Tia Juanita’s Fish Camp’s roast beef poboy is fantastic, with a buttered baguette that’s soft on the inside yet crisp enough on the outside to hold up under the mound of perfectly tender and blissfully salty seasoned roast beef, a nice blanket of melted mozzarella and a delicious au jus to tie it all together.

Sopapilla Cheesecake

The Sopapilla Cheesecake is a creamy vanilla cheesecake ensconced in a cinnamon-dusted sopapilla and topped with a strawberry sauce and piped whipped cream that tasted like icing — a dessert so good I’ve finished my meal with it on each of my five visits.

Blackened Seafood Nachos

The Blackened Seafood Nachos with shrimp and crab are an impressive pile of homemade tortilla chips, shrimp and bits of crab, spicy blackened seasoning, melted mozzarella, mild white queso, pico de gallo, guacamole, jalapeños and a bright, fresh salsa. The freshness of the shrimp struck me first, followed rapidly by the kick of the spices. Each bite just gets better as your palate adjusts to the heat and you dig down into the bottom layers, where chips lurk softened as they soak up the queso.

Blackened Redfish Pontchartrain

The fresh, flaky Blackened Redfish Pontchartrain had great flavor, with a salty, slightly spicy seasoning, light mushroom sauce and bright pineapple pico, sweet shrimp and their tender veggie mix of squash, zucchini and red bell peppers that is often the spiciest thing on the menu.

Crab cakes

The crab cakes at Tia Juanita’s are light, fresh and perfectly delicious — hands down the best crab cakes in town for my money. They’re also a safe choice for those who can’t handle a lot of spice, as long as they stay away from the remoulade on the side, which I loved, but which definitely has a kick. The crab cakes with just a squeeze of lemon alone, however, are also perfectly delicious.

Shrimp and Grits

I ordered the Shrimp and Grits to go for a friend, who kindly allowed me to sample it. The sweet jumbo shrimp in a garlic and tomato sauce is fantastic, but the perfectly creamy pepper jack cheese grits dotted with diced jalapeños are one of the best things on the menu.

Jalapeño Cheese Grits

I’ve ordered a side of the Jalapeño Cheese Grits each time I’ve dined at Tia Juanita’s since first trying them, eating half at the restaurant, where they’re mildly hot, and taking half home to marinate in the fridge and eat later, when the jalapeños really begin to kick in and shine through.

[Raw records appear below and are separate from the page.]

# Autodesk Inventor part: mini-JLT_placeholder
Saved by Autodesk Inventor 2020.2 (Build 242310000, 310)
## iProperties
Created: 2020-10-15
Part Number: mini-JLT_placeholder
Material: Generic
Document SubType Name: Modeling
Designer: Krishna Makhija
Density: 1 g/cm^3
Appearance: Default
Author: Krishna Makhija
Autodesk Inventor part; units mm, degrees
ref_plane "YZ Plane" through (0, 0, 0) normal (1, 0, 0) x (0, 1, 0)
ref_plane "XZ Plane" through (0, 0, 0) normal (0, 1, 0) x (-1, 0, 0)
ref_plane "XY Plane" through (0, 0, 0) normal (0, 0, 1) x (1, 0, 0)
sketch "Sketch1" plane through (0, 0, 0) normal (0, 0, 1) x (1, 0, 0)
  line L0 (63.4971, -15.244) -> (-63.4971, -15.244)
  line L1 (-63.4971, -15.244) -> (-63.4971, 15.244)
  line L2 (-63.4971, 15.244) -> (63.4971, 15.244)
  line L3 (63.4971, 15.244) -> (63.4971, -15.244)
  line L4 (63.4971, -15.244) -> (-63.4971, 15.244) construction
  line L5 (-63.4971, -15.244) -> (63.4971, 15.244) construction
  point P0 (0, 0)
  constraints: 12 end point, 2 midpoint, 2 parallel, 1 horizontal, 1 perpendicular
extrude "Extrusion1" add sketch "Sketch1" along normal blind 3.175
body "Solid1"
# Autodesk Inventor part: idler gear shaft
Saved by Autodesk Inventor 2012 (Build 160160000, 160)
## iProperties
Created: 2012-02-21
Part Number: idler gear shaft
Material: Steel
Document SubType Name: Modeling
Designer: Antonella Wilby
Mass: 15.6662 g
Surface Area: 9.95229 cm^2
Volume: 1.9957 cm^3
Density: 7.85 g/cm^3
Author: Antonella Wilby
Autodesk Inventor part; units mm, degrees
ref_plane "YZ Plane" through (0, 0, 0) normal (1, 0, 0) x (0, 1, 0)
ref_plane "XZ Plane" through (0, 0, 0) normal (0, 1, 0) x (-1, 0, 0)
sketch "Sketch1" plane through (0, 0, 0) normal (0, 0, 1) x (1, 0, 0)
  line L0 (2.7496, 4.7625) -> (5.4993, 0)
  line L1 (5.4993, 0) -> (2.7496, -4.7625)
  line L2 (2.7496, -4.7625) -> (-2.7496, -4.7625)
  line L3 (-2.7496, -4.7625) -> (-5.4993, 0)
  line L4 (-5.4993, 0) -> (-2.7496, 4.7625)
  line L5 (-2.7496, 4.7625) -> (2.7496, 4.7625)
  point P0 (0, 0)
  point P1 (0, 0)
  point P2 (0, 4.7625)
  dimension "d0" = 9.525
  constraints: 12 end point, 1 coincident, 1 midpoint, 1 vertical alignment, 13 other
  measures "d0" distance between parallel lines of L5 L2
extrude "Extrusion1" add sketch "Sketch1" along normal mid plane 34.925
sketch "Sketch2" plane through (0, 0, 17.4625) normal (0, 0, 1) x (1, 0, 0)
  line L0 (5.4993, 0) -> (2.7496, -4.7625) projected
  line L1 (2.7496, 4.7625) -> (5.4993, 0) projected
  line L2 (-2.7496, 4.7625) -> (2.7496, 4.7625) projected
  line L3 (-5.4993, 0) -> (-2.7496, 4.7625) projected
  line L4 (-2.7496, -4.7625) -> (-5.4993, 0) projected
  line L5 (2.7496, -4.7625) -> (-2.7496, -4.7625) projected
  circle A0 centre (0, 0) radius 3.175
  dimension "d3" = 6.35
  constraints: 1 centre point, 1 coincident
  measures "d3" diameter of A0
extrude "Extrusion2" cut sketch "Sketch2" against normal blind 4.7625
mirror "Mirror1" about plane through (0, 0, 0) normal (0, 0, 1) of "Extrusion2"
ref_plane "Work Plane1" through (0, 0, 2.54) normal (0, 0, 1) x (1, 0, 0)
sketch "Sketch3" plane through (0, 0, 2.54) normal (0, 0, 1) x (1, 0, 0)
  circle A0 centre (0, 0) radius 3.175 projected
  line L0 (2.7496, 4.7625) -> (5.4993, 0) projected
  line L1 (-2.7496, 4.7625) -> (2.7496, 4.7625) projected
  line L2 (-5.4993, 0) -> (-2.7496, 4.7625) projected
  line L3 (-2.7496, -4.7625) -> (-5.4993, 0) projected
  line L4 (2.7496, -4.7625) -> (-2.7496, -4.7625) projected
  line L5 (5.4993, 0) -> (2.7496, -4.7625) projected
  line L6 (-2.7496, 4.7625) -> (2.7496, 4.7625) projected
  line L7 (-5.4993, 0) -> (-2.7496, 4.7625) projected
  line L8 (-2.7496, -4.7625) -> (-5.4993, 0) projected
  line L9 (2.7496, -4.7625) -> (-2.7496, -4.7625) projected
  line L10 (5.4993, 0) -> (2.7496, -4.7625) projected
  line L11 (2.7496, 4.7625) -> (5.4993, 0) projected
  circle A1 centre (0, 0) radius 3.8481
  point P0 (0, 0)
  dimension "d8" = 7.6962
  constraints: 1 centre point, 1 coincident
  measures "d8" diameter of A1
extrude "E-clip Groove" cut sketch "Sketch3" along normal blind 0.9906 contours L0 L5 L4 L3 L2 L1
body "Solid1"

Foodies have been curious about Tia Juanita’s Fish Camp since the fall, when its owners began transforming the former Barnhill’s/Posado’s Cafe building on the south loop into the funky, sea foam green eatery with a long list of disciples at its other locations in Beaumont, Lake Charles, Lumberton, Port Arthur and Winnie.

And after its opening earlier this month to much fanfare, word-of-mouth, packed parking lots and sometimes hour-plus-long wait times for a table, those who haven’t tried it yet are likely wondering whether it’s worth all the fuss.